I liked this episode


----------



## Orius (Nov 21, 2004)

Wow this was even better than I thought it would be.  Plenty of old school Trek references scattered liberally throughout:



A sehlat
The IDIC
The questions the Syrannite asked Archer
TOS-stule music: I thought the music they used for the scenes where T'Pol and Archer were running from the sehlat and the sandfire was very reminiscent of the music used for the fight scene in "Amok Time"
T'Pau (more Amok Time)
katras
mind-melding
Mt. Selaya

And that's just off the top of my head.

There's two things I want to say about this episode:

First, Judith and Garfield Reeves-Stevens have patched up a lot of holes and inconsistancies wrt the Vulcans with just this one episode.  I can't wait to see the next two parts.

Second, THIS is what I wanted to see with Enterprise, no TCW or Xindi nonsense.  I'm glad they're starting to deliver once again.  Sure, there were some goodies like this in season 1 and 2 episodes, but nothing compared to the delivery of this episode. 

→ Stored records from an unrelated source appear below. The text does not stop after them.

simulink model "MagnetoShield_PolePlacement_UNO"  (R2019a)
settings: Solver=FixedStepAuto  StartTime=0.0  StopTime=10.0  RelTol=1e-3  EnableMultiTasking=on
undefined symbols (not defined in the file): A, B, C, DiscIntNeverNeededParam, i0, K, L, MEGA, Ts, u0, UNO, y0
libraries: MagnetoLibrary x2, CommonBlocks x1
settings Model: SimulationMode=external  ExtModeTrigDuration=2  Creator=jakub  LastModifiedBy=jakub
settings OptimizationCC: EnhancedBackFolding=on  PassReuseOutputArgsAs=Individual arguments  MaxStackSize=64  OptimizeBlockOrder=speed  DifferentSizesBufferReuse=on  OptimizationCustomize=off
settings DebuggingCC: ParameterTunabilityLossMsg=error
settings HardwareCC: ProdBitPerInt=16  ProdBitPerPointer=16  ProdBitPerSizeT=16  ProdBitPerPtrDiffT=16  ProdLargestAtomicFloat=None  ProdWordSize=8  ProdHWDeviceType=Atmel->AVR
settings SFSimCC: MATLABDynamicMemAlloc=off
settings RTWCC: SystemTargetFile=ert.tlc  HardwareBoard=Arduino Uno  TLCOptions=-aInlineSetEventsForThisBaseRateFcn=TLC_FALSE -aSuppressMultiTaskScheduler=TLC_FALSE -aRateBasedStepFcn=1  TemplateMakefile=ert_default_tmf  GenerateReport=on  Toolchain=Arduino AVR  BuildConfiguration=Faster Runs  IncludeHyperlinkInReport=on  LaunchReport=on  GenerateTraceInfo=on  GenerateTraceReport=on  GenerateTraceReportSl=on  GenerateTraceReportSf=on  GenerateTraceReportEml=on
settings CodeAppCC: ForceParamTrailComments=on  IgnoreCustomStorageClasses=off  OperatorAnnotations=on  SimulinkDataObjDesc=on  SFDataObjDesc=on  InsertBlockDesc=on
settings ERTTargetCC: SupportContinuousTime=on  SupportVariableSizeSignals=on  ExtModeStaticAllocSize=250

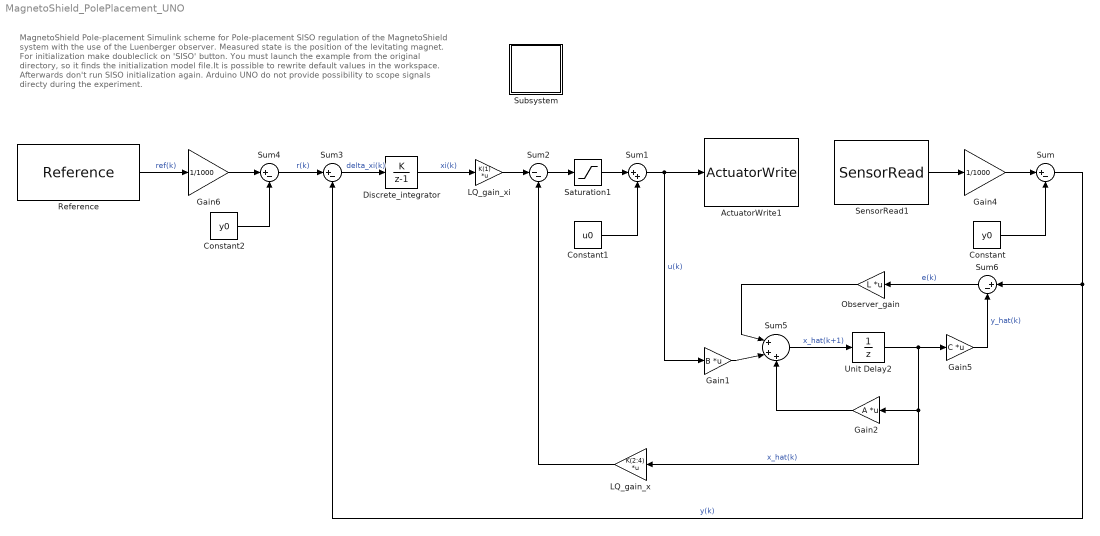
== system MagnetoShield_PolePlacement_UNO ==
  note: MagnetoShield Pole-placement
      | Simulink scheme for Pole-placement SISO regulation of the MagnetoShield system with the use of the Luenberger
      | observer. Measured state is the position of the levitating magnet.
      | For initialization make doubleclick on 'SISO' button. You must launch the example from the original directory, so it
      | finds the initialization model file.It is possible to rewrite default values in the workspace. Afterwards don't run SISO
      | initialization again.
      | Arduino UNO do not provide possibility to scope signals directy during the experiment.
  ActuatorWrite1 : MagnetoLibrary/ActuatorWrite  Board=UNO/MEGA  Units=Volts
      settings: SourceProductName=AutomationShield
  Constant : Constant  Value=y0
  Constant1 : Constant  Value=u0
  Constant2 : Constant  Value=y0
  Discrete_integrator : DiscreteIntegrator  IntegratorMethod=Accumulation: Forward Euler  SampleTime=Ts  LimitOutput=on  UpperSaturationLimit=1  LowerSaturationLimit=-1  ICPrevOutput=DiscIntNeverNeededParam  ICPrevScaledInput=DiscIntNeverNeededParam
  Gain1 : Gain  Gain=B  Multiplication=Matrix(K*u)
  Gain2 : Gain  Gain=A  Multiplication=Matrix(K*u)
  Gain4 : Gain  Gain=1/1000
  Gain5 : Gain  Gain=C  Multiplication=Matrix(K*u)
  Gain6 : Gain  Gain=1/1000
  LQ_gain_x : Gain  Gain=K(2:4)  Multiplication=Matrix(K*u)
  LQ_gain_xi : Gain  Gain=K(1)  Multiplication=Matrix(K*u)
  Observer_gain : Gain  Gain=L  Multiplication=Matrix(K*u)
  Reference : CommonBlocks/Reference  RefVect=[15, 13, 16, 14]  AtTheEnd=Start from beginning  Reps=5  SectLen=1000  OffsetTime=0  Ts=Ts
      settings: SourceProductName=AutomationShield
  Saturation1 : Saturate  UpperLimit=10-u0  LowerLimit=0-u0
  SensorRead1 : MagnetoLibrary/SensorRead  board=UNO/MEGA  sensor=Distance [mm]  sampling=Ts
      settings: SourceProductName=AutomationShield
  Subsystem : Subsystem
      settings: OpenFcn=|
      | clear;close all;clc;
      | cd(fileparts(which(gcs)));
      | load '../../../../matlab/examples/MagnetoShield/MagnetoShield_Models_Greybox_SS';
      | %% MagnetoShield - Pole-placement simulation and control initialization for Simulink
      | Ts = 0.0025;                   % Sampling of the Simulink simulation
      | 
      | % Matrices extraction from model
      | modeld=c2d(model,Ts);           % Discretized linear state-space model
      | A = modeld.a;                   % Extract A
      | B = modeld.b;                   % Extract B
      | C = [1 0 0];                   % Position is measured for integrator 'xi' computation
      | 
      | % Discrete augmented model with integrator state - unstable, unobservable
      | Ai = [1 -C;
      |       zeros(3,1) A];
      | Bi = [0;B];
      | 
      | % Observer gain L computation
      | polesL = [-0.003 0.0006715 -0.00003715]; % desired poles of observer
      | p = poly(polesL);                        % polynomial coeficients
      | I = eye(size(A));
      | phy = p(4)*I+p(3)*A+p(2)*A^2+A^3;
      | L = phy*inv([C; C*A; C*A^2])*[0 0 1]';   % Ackermann's formula for observer
      | 
      | % Pole-placement gain K for augmented system
      | polesK = [0.985 0.5353 0.826 0.9581];       % desired poles of the system
      | p = poly(polesK);                           % polynomial coeficients
      | I = eye(size(Ai));
      | phy = p(5)*I+p(4)*Ai+p(3)*Ai^2+p(2)*Ai^3+Ai^4;
      | K = [0 0 0 1]*inv([Bi Ai*Bi Ai^2*Bi Ai^3*Bi])*phy; % Ackermann's formula for gain K
      mask Display: disp('SISO')
  Sum{,3..4,6} (4 alike) : Sum  Inputs=|+-
  Sum1 : Sum  Inputs=|++
  Sum2 : Sum  Inputs=|--
  Sum5 : Sum  Inputs=|+++
  Unit Delay2 : UnitDelay  InitialCondition=[0.017-y0;0;0-i0]  SampleTime=-1  HasFrameUpgradeWarning=on
  wires:
  Constant2/1 -> Sum4/2
  LQ_gain_xi/1 -> Sum2/1
  Reference/1 -> Gain6/1  "ref(k)"
  Discrete_integrator/1 -> LQ_gain_xi/1  "xi(k)"
  Gain6/1 -> Sum4/1
  Gain1/1 -> Sum5/2
  Unit Delay2/1 -> Gain5/1, Gain2/1, LQ_gain_x/1  "x_hat(k)"
  LQ_gain_x/1 -> Sum2/2
  Saturation1/1 -> Sum1/1
  Sum/1 -> Sum6/1, Sum3/2  "y(k)"
  Sum4/1 -> Sum3/1  "r(k)"
  Sum6/1 -> Observer_gain/1  "e(k)"
  Gain5/1 -> Sum6/2  "y_hat(k)"
  Constant1/1 -> Sum1/2
  Sum1/1 -> ActuatorWrite1/1, Gain1/1  "u(k)"
  Constant/1 -> Sum/2
  Gain2/1 -> Sum5/3
  Sum5/1 -> Unit Delay2/1  "x_hat(k+1)"
  SensorRead1/1 -> Gain4/1
  Observer_gain/1 -> Sum5/1
  Sum2/1 -> Saturation1/1
  Sum3/1 -> Discrete_integrator/1  "delta_xi(k)"
  Gain4/1 -> Sum/1

== system MagnetoShield_PolePlacement_UNO/Subsystem ==

And there's more to look forward to after this storyline.  I read on the official Star Trek site about the next big storyline that's scheduled to air around the end of January: 



Spoiler



The Romulans try to start a war between the Andorians and Tellarites.  Great Federation-building material there!


----------



## Brown Jenkin (Nov 21, 2004)

I am starting to finally have hope for the rest of the season for the first time. I think I will just pretend the first 3 seasons don't exist. Originally I had been sticking through things just because after over 2 dozen seasons of trek I wasn't going to miss the end. Now instead of dreading waytching I am actually looking forward to it again. The season started a little weak, but that was not Coto fault, rather the the result of what he inherited. As was pointed out already, this is what I wanted/expected from Enterprise from the beginning.


----------



## Volaran (Nov 21, 2004)

Was there not also a proto-Romulan reference in the episode?  Mentioning the last opponents of Surak being "those who marched under the raptor's wings" or something like that, with the symbol of the symbol of the Romulan empire being a raptor grasping the twin homeworlds.


----------



## myrdden (Nov 21, 2004)

Crothian said:
			
		

> As long as the shows are this good, I could care less where the plots come from.




As long as it doesn't become "How else can we slip in a nod to past episodes/movies this week?", I'm fine with it.  I just think they're being a tad too obvious about it, which if it continues on it'll become farcical.

Still...things are better than last season.


----------



## BobROE (Nov 21, 2004)

myrdden said:
			
		

> As long as it doesn't become "How else can we slip in a nod to past episodes/movies this week?", I'm fine with it.  I just think they're being a tad too obvious about it, which if it continues on it'll become farcical.
> 
> Still...things are better than last season.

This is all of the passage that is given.